Lasciamo ora il campo ai matematici e speriamo in un loro futuro risultato probabilistico… Il tema del Nome è fondamentale nella spiritualità di Israele e anche nell’Apocalisse di Giovanni. I santi sono coloro che “trattengono” nel cuore il Nome di Dio e di Cristo, gli eletti sono “sigillati” nel Nome di Dio mentre la Bestia anticristica bestemmia il Nome di Dio. Ma tutto ciò appare una soluzione troppo semplice. Altro enigma sotteso a questo passo dell’Apocalisse riguarda i motivi dell’importanza di individuare il numero/nome della Bestia prima che si compia la profezia. Se proviamo a ragionarci sopra mi viene in mente solo la possibilità, sapendo prima l’identità della Bestia, di meglio combatterla e smascherarla, salvando più anime dalle sue seduzioni spirituali.
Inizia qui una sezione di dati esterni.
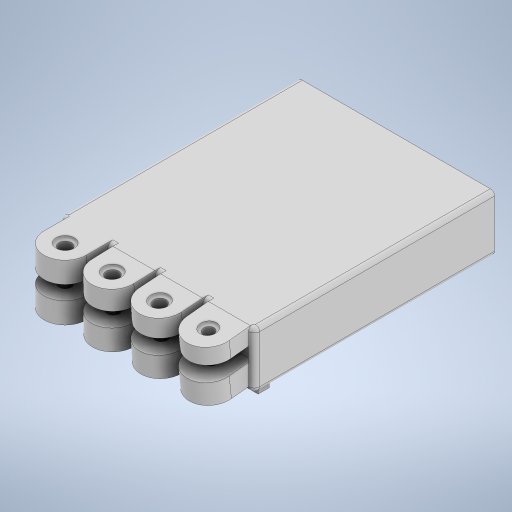
# Autodesk Inventor part: baze
Saved by Autodesk Inventor 2024 (Build 280153000, 153)
## iProperties
Created: 2023-12-07
Part Number: baze
Material: Типовые
Document SubType Name: Modeling
Designer: stefa
Density: 1 g/cm^3
Appearance: По умолчанию
Author: stefa
Autodesk Inventor part; units mm, degrees
ref_plane "YZ Plane" through (0, 0, 0) normal (1, 0, 0) x (0, 1, 0)
ref_plane "XZ Plane" through (0, 0, 0) normal (0, 1, 0) x (-1, 0, 0)
ref_plane "XY Plane" through (0, 0, 0) normal (0, 0, 1) x (1, 0, 0)
sketch "Эскиз1" plane through (0, 0, 0) normal (1, 0, 0) x (0, 1, 0)
  line L0 (0, 0) -> (20, 0)
  line L1 (20, 0) -> (20, -100)
  line L2 (20, -100) -> (0, -100)
  line L3 (0, -100) -> (0, 0)
  line L4 (12.5, 0) -> (12.5, -15)
  line L5 (12.5, -15) -> (7.5, -15)
  line L6 (7.5, -15) -> (7.5, 0)
  line L7 (7.5, 0) -> (12.5, 0)
  dimension "d0" = 20
  dimension "d1" = 100
  dimension "d2" = 15
  dimension "d3" = 5
  dimension "d4" = 7.5
  dimension "d5" = 7.5
  constraints: 16 end point, 4 parallel, 3 perpendicular, 1 horizontal, 1 point on line
  measures "d0" distance of L0.start L0.end
  measures "d1" distance of L0.end L1.end
  measures "d2" distance of L5.end L6.end
  measures "d3" distance of L4.end L5.end
  measures "d4" distance between parallel lines of L1 L4
  measures "d5" distance between parallel lines of L3 L6
extrude "Выдавливание1" add sketch "Эскиз1" along normal blind 15 contours L0 L6 L5 L4 L1 L2 L3
sketch "Эскиз2" plane through (15, 0, 0) normal (1, 0, 0) x (0, 0, -1)
  line L0 (0, 0) -> (100, 0) projected
  line L1 (100, 20) -> (0, 20) projected
  line L2 (100, 0) -> (15, 0)
  line L3 (15, 0) -> (15, 20)
  line L4 (15, 20) -> (100, 20)
  line L5 (100, 20) -> (100, 0)
  dimension "d8" = 85
  constraints: 8 end point, 2 parallel, 1 horizontal, 1 perpendicular, 1 point on line
  measures "d8" distance of L3.end L4.end
extrude "Выдавливание2" add sketch "Эскиз2" along normal blind 2
sketch "Эскиз3" plane through (17, 0, 0) normal (1, 0, 0) x (0, 0, -1)
  line L0 (100, 0) -> (100, 20)
  line L1 (0, 0) -> (100, 0)
  line L2 (100, 0) -> (100, 20)
  line L3 (100, 20) -> (0, 20)
  line L4 (0, 20) -> (0, 0)
  line L5 (0, 12.503049) -> (15, 13.02686)
  line L6 (15, 13.02686) -> (15.174604, 8.02686)
  line L7 (15.174604, 8.02686) -> (0, 7.496951)
  line L8 (0, 12.5) -> (15, 12.5)
  line L9 (0, 19.476188) -> (15, 20)
  line L10 (0, 0) -> (15, 0.523812)
  line L11 (15, 20) -> (15, 0)
  line L12 (15, 20) -> (15, 13.02686)
  line L13 (15.174604, 8.02686) -> (15, 0.523812)
  line L14 (15, 0) -> (15, 0.523812)
  line L15 (0, 19.476188) -> (0.243211, 12.511542)
  line L16 (0, 7.496951) -> (0.26148, 0.009131)
  dimension "d11" = 88
  dimension "d12" = 90
  dimension "d13" = 88
  dimension "d14" = 15
  dimension "d15" = 5
  dimension "d16" = 7.49695
  dimension "d17" = 7.49695
  dimension "d18" = 2
  dimension "d35" = 2
  dimension "d36" = 178
  dimension "d50" = 2
  dimension "d51" = 2
  constraints: 28 end point, 7 point on line, 2 parallel, 2 perpendicular, 1 collinear, 1 horizontal
  measures "d11" angle of L5 L4
  measures "d12" angle of L6 L7
  measures "d13" angle of L4 L7
  measures "d14" horizontal distance of L5.start L5.end
  measures "d15" vertical distance of L5.end L6.end
  measures "d16" distance of L3.end L5.start
  measures "d17" distance of L1.start L7.end
  measures "d18" angle of L8 L5
  measures "d35" angle of L3 L9
  measures "d36" angle of L1 L10
  measures "d50" angle of L15 L4
  measures "d51" angle of L16 L4
extrude "Выдавливание3" add sketch "Эскиз3" along normal blind 15 contours L1 L11 L13 L6 L3 L0 | L11 L5 L15 L9 | L10 L16 L7 L11 | L11 L7 L13
sketch "Эскиз4" plane through (32, 0, 0) normal (1, 0, 0) x (0, 0, -1)
  line L0 (15, 0) -> (15, 7.5) projected
  line L1 (100, 20) -> (15, 20) projected
  line L2 (15, 0) -> (100, 0)
  line L3 (100, 0) -> (100, 20)
  line L4 (100, 20) -> (15, 20)
  line L5 (15, 20) -> (15, 0)
  point P0 (0, 0)
  point P1 (0, 20)
  point P2 (15, 20)
  constraints: 8 end point, 2 parallel, 1 horizontal, 1 perpendicular
extrude "Выдавливание4" add sketch "Эскиз4" along normal blind 2
sketch "Эскиз5" plane through (34, 0, 0) normal (1, 0, 0) x (0, 0, -1)
  line L0 (15, 20) -> (0, 20)
  line L1 (100, 0) -> (100, 20)
  line L2 (0, 20) -> (100, 20)
  line L3 (100, 20) -> (100, 0)
  line L4 (100, 0) -> (0, 0)
  line L5 (0, 0) -> (0, 20)
  line L6 (0, 12.5) -> (15, 13.548902)
  line L7 (15, 13.548902) -> (15.347933, 8.573232)
  line L8 (15.347933, 8.573232) -> (0, 7.5)
  line L9 (15, 12.5) -> (15, 20)
  line L10 (0, 18.951098) -> (15, 20)
  line L11 (0, 0) -> (15, 1.048902)
  line L12 (15, 0) -> (15, 7.5)
  line L13 (15, 1.048902) -> (15, 0)
  line L14 (15, 0) -> (15, 20)
  line L15 (0, 18.951098) -> (0.44891, 12.531391)
  line L16 (0, 7.5) -> (0.521899, 0.036495)
  point P0 (0, 0)
  dimension "d23" = 90
  dimension "d24" = 90
  dimension "d25" = 86
  dimension "d26" = 86
  dimension "d27" = 5
  dimension "d28" = 7.5
  dimension "d29" = 7.5
  dimension "d30" = 15
  dimension "d31" = 86
  dimension "d32" = 4
  dimension "d52" = 4
  dimension "d53" = 4
  constraints: 26 end point, 5 point on line, 2 collinear, 2 parallel, 2 perpendicular, 1 horizontal
  measures "d23" angle of L7 L6
  measures "d24" angle of L7 L8
  measures "d25" angle of L6 L5
  measures "d26" angle of L8 L5
  measures "d27" distance of L8.end L6.start
  measures "d28" distance of L6.start L0.end
  measures "d29" distance of point (0, 0) L8.end
  measures "d30" horizontal distance of L6.start L6.end
  measures "d31" angle of L10 L5
  measures "d32" angle of L4 L11
  measures "d52" angle of L15 L5
  measures "d53" angle of L16 L5
extrude "Выдавливание5" add sketch "Эскиз5" along normal blind 15 contours L2 L1 L4 L12 L14 L8 L7 L9 | L9 L6 L15 L10 | L14 L12 L11 L16 L8
sketch "Эскиз6" plane through (49, 0, 0) normal (1, 0, 0) x (0, 0, -1)
  line L0 (100, 0) -> (100, 20)
  line L1 (15, 13.02686) -> (15, 20)
  line L2 (100, 0) -> (15, 0)
  line L3 (15, 0) -> (15, 20)
  line L4 (15, 20) -> (100, 20)
  line L5 (100, 20) -> (100, 0)
  point P0 (0, 0)
  constraints: 8 end point, 2 parallel, 1 horizontal, 1 perpendicular
extrude "Выдавливание6" add sketch "Эскиз6" along normal blind 2
sketch "Эскиз7" plane through (51, 0, 0) normal (1, 0, 0) x (0, 0, -1)
  line L0 (15, 20) -> (0, 20)
  line L1 (0, 0) -> (100, 0)
  line L2 (0, 20) -> (100, 20)
  line L3 (100, 20) -> (100, 0)
  line L4 (100, 0) -> (0, 0)
  line L5 (0, 0) -> (0, 20)
  line L6 (0, 12.5) -> (15, 14.076564)
  line L7 (15, 14.076564) -> (15.519779, 9.131195)
  line L8 (15.519779, 9.131195) -> (0, 7.5)
  line L9 (0, 18.423436) -> (15, 20)
  line L10 (0, 0) -> (15.064586, 1.583352)
  line L11 (15, 20) -> (15, 14.076564)
  line L12 (15.519779, 9.131195) -> (15.064586, 1.583352)
  line L13 (15.064586, 1.583352) -> (15, 0)
  line L14 (0, 18.423436) -> (0.615776, 12.564721)
  line L15 (0, 7.5) -> (0.779669, 0.081946)
  dimension "d39" = 90
  dimension "d40" = 90
  dimension "d41" = 84
  dimension "d42" = 5
  dimension "d43" = 7.5
  dimension "d44" = 7.5
  dimension "d45" = 15
  dimension "d46" = 84
  dimension "d47" = 6
  dimension "d54" = 6
  dimension "d55" = 6
  constraints: 28 end point, 7 point on line, 2 parallel, 2 perpendicular, 1 horizontal
  measures "d39" angle of L7 L6
  measures "d40" angle of L7 L8
  measures "d41" angle of L6 L5
  measures "d42" distance of L8.end L6.start
  measures "d43" distance of L1.start L8.end
  measures "d44" distance of L6.start L0.end
  measures "d45" horizontal distance of L6.end L6.start
  measures "d46" angle of L9 L5
  measures "d47" angle of L1 L10
  measures "d54" angle of L14 L5
  measures "d55" angle of L5 L15
extrude "Выдавливание7" add sketch "Эскиз7" along normal blind 15 contours L11 L6 L14 L9 | L2 L3 L1 L13 L12 L7 L11 | L12 L10 L15 L8
sketch "Эскиз8" plane through (0, 20, 0) normal (0, 1, 0) x (1, 0, 0)
  line L0 (0, 0) -> (15, 0) projected
  line L1 (0, 15) -> (15, 15) projected
  line L2 (0, 0) -> (15, 0)
  line L3 (15, 0) -> (15, 15)
  line L4 (15, 15) -> (0, 15)
  line L5 (0, 15) -> (0, 0)
  circle A0 centre (7.5, 7.5) radius 2.25
  dimension "d56" = 4.5
  constraints: 8 end point, 2 parallel, 1 centre point, 1 horizontal, 1 perpendicular
  measures "d56" diameter of A0
extrude "Выдавливание8" cut sketch "Эскиз8" against normal through all contours A0
sketch "Эскиз9" plane through (17, 19.476188, 0) normal (0, 0.9993908, 0.0348995) x (1, 0, 0)
  line L0 (0, -0.418069) -> (15, -0.418069)
  line L1 (0, 15.009143) -> (15, 15.009143)
  line L2 (0, -0.418069) -> (15, -0.418069)
  line L3 (15, -0.418069) -> (15, 15.009143)
  line L4 (15, 15.009143) -> (0, 15.009143)
  line L5 (0, 15.009143) -> (0, -0.418069)
  circle A0 centre (7.5, 7.295537) radius 2.25
  point P0 (-17, -0.679709)
  dimension "d59" = 4.5
  constraints: 8 end point, 2 parallel, 1 centre point, 1 horizontal, 1 perpendicular
  measures "d59" diameter of A0
extrude "Выдавливание9" cut sketch "Эскиз9" against normal through all contours A0
sketch "Эскиз10" plane through (34, 18.951098, 0) normal (0, 0.9975641, 0.0697565) x (1, 0, 0)
  line L0 (0, 14.23784) -> (0, -0.798788)
  line L1 (0, 15.036628) -> (15, 15.036628)
  line L2 (0, -0.798788) -> (15, -0.798788)
  line L3 (15, -0.798788) -> (15, 15.036628)
  line L4 (15, 15.036628) -> (0, 15.036628)
  line L5 (0, 15.036628) -> (0, -0.798788)
  circle A0 centre (7.5, 7.11892) radius 2.25
  point P0 (-34, -1.321962)
  dimension "d62" = 4.5
  constraints: 8 end point, 2 parallel, 1 centre point, 1 horizontal, 1 perpendicular
  measures "d62" diameter of A0
extrude "Выдавливание10" cut sketch "Эскиз10" against normal through all contours A0
sketch "Эскиз11" plane through (51, 18.423436, 0) normal (0, 0.9945219, 0.1045285) x (1, 0, 0)
  line L0 (0, 15.082624) -> (0, 0)
  line L1 (15, 99.616985) -> (15, 15.082624)
  line L2 (0, 0) -> (15, 0)
  line L3 (15, 0) -> (15, 15.082624)
  line L4 (15, 15.082624) -> (0, 15.082624)
  line L5 (0, 15.082624) -> (0, 0)
  circle A0 centre (7.5, 7.541312) radius 1.887312
  point P0 (-51, -1.925774)
  point P1 (0, -1.14181)
  constraints: 8 end point, 2 parallel, 1 centre point, 1 horizontal, 1 perpendicular
extrude "Выдавливание11" cut sketch "Эскиз11" against normal through all contours A0
sketch "Эскиз12" plane through (0, 0, -100) normal (0, -1, 0) x (1, 0, 0)
  point P0 (0, 100)
sketch "Эскиз13" plane through (0, 0, -100) normal (0, -1, 0) x (1, 0, 0)
  line L0 (52.25, 23.25) -> (64.75, 23.25)
  line L1 (64.75, 23.25) -> (64.75, 46.75)
  line L2 (64.75, 46.75) -> (52.25, 46.75)
  line L3 (52.25, 46.75) -> (52.25, 23.25)
  line L4 (52.25, 23.25) -> (64.75, 46.75) construction
  line L5 (64.75, 23.25) -> (52.25, 46.75) construction
  line L6 (35.25, 26.75) -> (47.75, 26.75)
  line L7 (47.75, 26.75) -> (47.75, 3.25)
  line L8 (47.75, 3.25) -> (35.25, 3.25)
  line L9 (35.25, 3.25) -> (35.25, 26.75)
  line L10 (35.25, 26.75) -> (47.75, 3.25) construction
  line L11 (47.75, 26.75) -> (35.25, 3.25) construction
  line L12 (18.25, 46.75) -> (30.75, 46.75)
  line L13 (30.75, 46.75) -> (30.75, 23.25)
  line L14 (30.75, 23.25) -> (18.25, 23.25)
  line L15 (18.25, 23.25) -> (18.25, 46.75)
  line L16 (18.25, 46.75) -> (30.75, 23.25) construction
  line L17 (30.75, 46.75) -> (18.25, 23.25) construction
  line L18 (1.25, 26.75) -> (13.75, 26.75)
  line L19 (13.75, 26.75) -> (13.75, 3.25)
  line L20 (13.75, 3.25) -> (1.25, 3.25)
  line L21 (1.25, 3.25) -> (1.25, 26.75)
  line L22 (1.25, 26.75) -> (13.75, 3.25) construction
  line L23 (13.75, 26.75) -> (1.25, 3.25) construction
  line L24 (66, 85) -> (66, 0) projected
  line L25 (0, 100) -> (0, 0) projected
  line L26 (51, 85) -> (66, 85) projected
  line L27 (15, 85) -> (51, 85) projected
  line L28 (0, 85) -> (15, 85) projected
  point P0 (58.5, 35)
  point P1 (41.5, 15)
  point P2 (24.5, 35)
  point P3 (7.5, 15)
  dimension "d68" = 12.5
  dimension "d69" = 7.5
  dimension "d70" = 17
  dimension "d71" = 17
  dimension "d72" = 17
  dimension "d73" = 7.5
  dimension "d74" = 12.5
  dimension "d75" = 12.5
  dimension "d76" = 12.5
  dimension "d77" = 23.5
  dimension "d78" = 23.5
  dimension "d79" = 23.5
  dimension "d80" = 23.5
  dimension "d81" = 50
  dimension "d82" = 70
  dimension "d83" = 50
  dimension "d84" = 70
  constraints: 48 end point, 8 midpoint, 8 parallel, 4 horizontal, 4 perpendicular
  measures "d68" distance of L0.start L0.end
  measures "d69" distance from line of L24 point (58.5, 35)
  measures "d70" horizontal distance of point (58.5, 35) point (41.5, 15)
  measures "d71" horizontal distance of point (24.5, 35) point (41.5, 15)
  measures "d72" horizontal distance of point (7.5, 15) point (24.5, 35)
  measures "d73" distance from line of L25 point (7.5, 15)
  measures "d74" distance of L13.end L14.end
  measures "d75" distance of L19.end L20.end
  measures "d76" distance of L7.end L8.end
  measures "d77" distance of L2.end L0.start
  measures "d78" distance of L8.end L6.start
  measures "d79" distance of L12.end L13.end
  measures "d80" distance of L18.end L19.end
  measures "d81" distance from line of L26 point (58.5, 35)
  measures "d82" distance from line of L27 point (41.5, 15)
  measures "d83" distance from line of L27 point (24.5, 35)
  measures "d84" distance from line of L28 point (7.5, 15)
extrude "Выдавливание12" cut sketch "Эскиз13" against normal blind 17
sketch "Эскиз14" plane through (66, 0, 0) normal (1, 0, 0) x (0, 0, -1)
  line L0 (100, 0) -> (100, 20)
  line L1 (100, 0) -> (14.318548, 0)
  line L2 (14.318548, 0) -> (14.318548, 20)
  line L3 (14.318548, 20) -> (100, 20)
  line L4 (100, 20) -> (100, 0)
  point P0 (0, 0)
  constraints: 8 end point, 2 parallel, 1 horizontal, 1 perpendicular
extrude "Выдавливание13" add sketch "Эскиз14" along normal blind 2
sketch "Эскиз15" plane through (0, 0, 0) normal (-1, 0, 0) x (0, 0, 1)
  line L0 (0, 0) -> (-100, 0) projected
  line L1 (-100, 0) -> (-15, 0)
  line L2 (-15, 0) -> (-15, 20)
  line L3 (-15, 20) -> (-100, 20)
  line L4 (-100, 20) -> (-100, 0)
  constraints: 8 end point, 2 parallel, 1 horizontal, 1 perpendicular
extrude "Выдавливание14" add sketch "Эскиз15" along normal blind 2
sketch "Эскиз16" plane through (0, 0, -15) normal (0, -1, 0) x (1, 0, 0)
  line L0 (63.5, -5.25) -> (53.5, -5.25)
  line L1 (53.5, -5.25) -> (53.5, -9.25)
  line L2 (53.5, -9.25) -> (63.5, -9.25)
  line L3 (63.5, -9.25) -> (63.5, -5.25)
  line L4 (46.5, -5.25) -> (36.5, -5.25)
  line L5 (36.5, -5.25) -> (36.5, -9.25)
  line L6 (36.5, -9.25) -> (46.5, -9.25)
  line L7 (46.5, -9.25) -> (46.5, -5.25)
  line L8 (29.5, -5.25) -> (19.5, -5.25)
  line L9 (19.5, -5.25) -> (19.5, -9.25)
  line L10 (19.5, -9.25) -> (29.5, -9.25)
  line L11 (29.5, -9.25) -> (29.5, -5.25)
  line L12 (12.5, -5.25) -> (2.5, -5.25)
  line L13 (2.5, -5.25) -> (2.5, -9.25)
  line L14 (2.5, -9.25) -> (12.5, -9.25)
  line L15 (12.5, -9.25) -> (12.5, -5.25)
  line L16 (52.25, -38.25) -> (64.75, -38.25)
  line L17 (68, 0.681452) -> (68, -85)
  line L18 (-2, -85) -> (-2, 0)
  line L19 (51, 0) -> (66, 0)
  line L20 (15, 0) -> (51, 0)
  point P0 (0, 15)
  point P1 (58.5, -5.25)
  point P2 (41.5, -5.25)
  point P3 (24.5, -5.25)
  point P4 (7.5, -5.25)
  dimension "d91" = 10
  dimension "d92" = 10
  dimension "d93" = 10
  dimension "d94" = 10
  dimension "d95" = 4
  dimension "d96" = 4
  dimension "d97" = 4
  dimension "d98" = 0
  dimension "d99" = 29
  dimension "d100" = 9.5
  dimension "d101" = 17
  dimension "d102" = 17
  dimension "d103" = 17
  dimension "d104" = 9.5
  dimension "d138" = 5.25
  dimension "d139" = 5.25
  constraints: 32 end point, 8 parallel, 4 horizontal, 4 midpoint, 4 perpendicular, 3 point on line
  measures "d91" distance of L9.end L10.end
  measures "d92" distance of L13.end L14.end
  measures "d93" distance of L5.end L6.end
  measures "d94" distance of L1.end L2.end
  measures "d95" distance of L0.end L1.end
  measures "d96" distance of L8.end L9.end
  measures "d97" distance of L12.end L13.end
  measures "d98" distance between parallel lines of L8 L12
  measures "d99" distance between parallel lines of L16 L2
  measures "d100" distance from line of point (58.5, -5.25) L17
  measures "d101" distance of point (58.5, -5.25) point (41.5, -5.25)
  measures "d102" distance of point (41.5, -5.25) point (24.5, -5.25)
  measures "d103" distance of point (24.5, -5.25) point (7.5, -5.25)
  measures "d104" distance from line of L18 point (7.5, -5.25)
  measures "d138" distance between parallel lines of L19 L0
  measures "d139" distance between parallel lines of L20 L8
extrude "Выдавливание15" add sketch "Эскиз16" along normal blind 5
sketch "Эскиз17" plane through (63.5, 0, -24.25) normal (0, 0, -1) x (-1, 0, 0)
  line L0 (2.5, -3.384771) -> (7.5, -3.384771)
  line L1 (7.5, -3.384771) -> (7.5, -1.384771)
  line L2 (7.5, -1.384771) -> (2.5, -1.384771)
  line L3 (2.5, -1.384771) -> (2.5, -3.384771)
  line L4 (19.5, -3.384771) -> (24.5, -3.384771)
  line L5 (24.5, -3.384771) -> (24.5, -1.384771)
  line L6 (24.5, -1.384771) -> (19.5, -1.384771)
  line L7 (19.5, -1.384771) -> (19.5, -3.384771)
  line L8 (36.5, -3.384771) -> (41.5, -3.384771)
  line L9 (41.5, -3.384771) -> (41.5, -1.384771)
  line L10 (41.5, -1.384771) -> (36.5, -1.384771)
  line L11 (36.5, -1.384771) -> (36.5, -3.384771)
  line L12 (53.5, -3.384771) -> (58.5, -3.384771)
  line L13 (58.5, -3.384771) -> (58.5, -1.384771)
  line L14 (58.5, -1.384771) -> (53.5, -1.384771)
  line L15 (53.5, -1.384771) -> (53.5, -3.384771)
  line L16 (0, 0) -> (0, -5)
  line L17 (10, 0) -> (10, -5)
  line L18 (17, 0) -> (17, -5)
  line L19 (34, 0) -> (34, -5)
  line L20 (51, 0) -> (51, -5)
  point P0 (63.5, 0)
  point P1 (51, -2.5)
  dimension "d107" = 2
  dimension "d108" = 5
  dimension "d109" = 5
  dimension "d110" = 5
  dimension "d111" = 5
  dimension "d112" = 2.5
  dimension "d113" = 2.5
  dimension "d114" = 2.5
  dimension "d115" = 2.5
  dimension "d116" = 2.5
  constraints: 32 end point, 8 parallel, 6 point on line, 4 horizontal, 4 perpendicular, 1 midpoint
  measures "d107" distance of L0.end L1.end
  measures "d108" distance of L0.start L0.end
  measures "d109" distance of L4.start L4.end
  measures "d110" distance of L8.start L8.end
  measures "d111" distance of L12.start L12.end
  measures "d112" distance between parallel lines of L16 L3
  measures "d113" distance between parallel lines of L17 L1
  measures "d114" distance between parallel lines of L18 L7
  measures "d115" distance between parallel lines of L19 L11
  measures "d116" distance from line of point (51, -2.5) L15
extrude "Выдавливание16" cut sketch "Эскиз17" against normal up to surface (4 mm away)
fillet "Сопряжение1" radius 1.5 10 edges at (68, 20, -57.1593) (67, 20, -14.3185) (-1, 20, -15) (-2, 20, -57.5) (68, 0, -57.1593) (67, 0, -14.3185) (58.5, 0, -15) (33, 0, -15) (-1, 0, -15) (-2, 0, -57.5)
fillet "Сопряжение2" radius 2 3 edges at (50, 20, -15) (16, 20, -15) (33, 20, -15)
fillet "Сопряжение3" radius 2 6 edges at (-1.5607, 19.5607, -15.4393) (-1.5607, 0.4393, -15.4393) (-2, 10, -15) (67.5607, 0.4393, -14.7579) (67.5607, 19.5607, -14.7579) (68, 10, -14.3185)
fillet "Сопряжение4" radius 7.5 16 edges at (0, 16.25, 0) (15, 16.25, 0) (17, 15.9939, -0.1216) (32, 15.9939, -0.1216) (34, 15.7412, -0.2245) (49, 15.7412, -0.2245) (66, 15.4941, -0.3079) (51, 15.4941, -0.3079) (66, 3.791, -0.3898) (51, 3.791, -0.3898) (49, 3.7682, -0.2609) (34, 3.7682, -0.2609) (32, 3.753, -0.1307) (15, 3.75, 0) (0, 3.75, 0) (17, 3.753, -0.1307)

Forse la sfida a capire il numero/nome della Bestia è da connettere con la “ferita a morte” di una delle sue teste, sempre se leggiamo quale predizione storica questo dettaglio profetico. Perché poi appellarsi all’intelligenza umana per individuare questo elemento caratterizzante (numero/nome) se la Bestia sarà riconoscibile nella sua venuta da molti altri evidenti segni (i due Testimoni, la marchiatura, l’“abominio della desolazione”, la “grande apostasia”, ecc.)? Abbiamo un enigma che è tale già nel suo porsi oltre che nella sua difficile soluzione! Un enigma vestito da un altro enigma!
A proposito del segno vangelico e profetico dell’“abominio della desolazione che sta nel luogo santo” colgo l’occasione per rettificare questa non ottimale traduzione che sembra indurre strane fantasie (come ambigua è la versione: “grande tribolazione”, in quanto tlipsis significa semplicemente “persecuzione”) in quanto si tratta invece di due termini greci molto chiari e precisi. L’“abominio” viene dal termine greco bdèlugma che significa “orrore” in riferimento a un oggetto idolatrico, mentre “desolazione” viene dal termine greco erèmosis che indica: “privazione, spogliazione, distruzione” (stessa radice di “eremo” e di “eresia”) quindi i due termini connessi fra di loro e, insieme, a un “luogo santo” non possono che alludere a una profanazione di luoghi santi (es: altari e/o tabernacoli delle Chiese) tramite un “togliere” (es: sacramenti e/o immagini sacre e/o il segno della croce) e un “mettere in sostituzione” un oggetto che funga da idolo anticristico.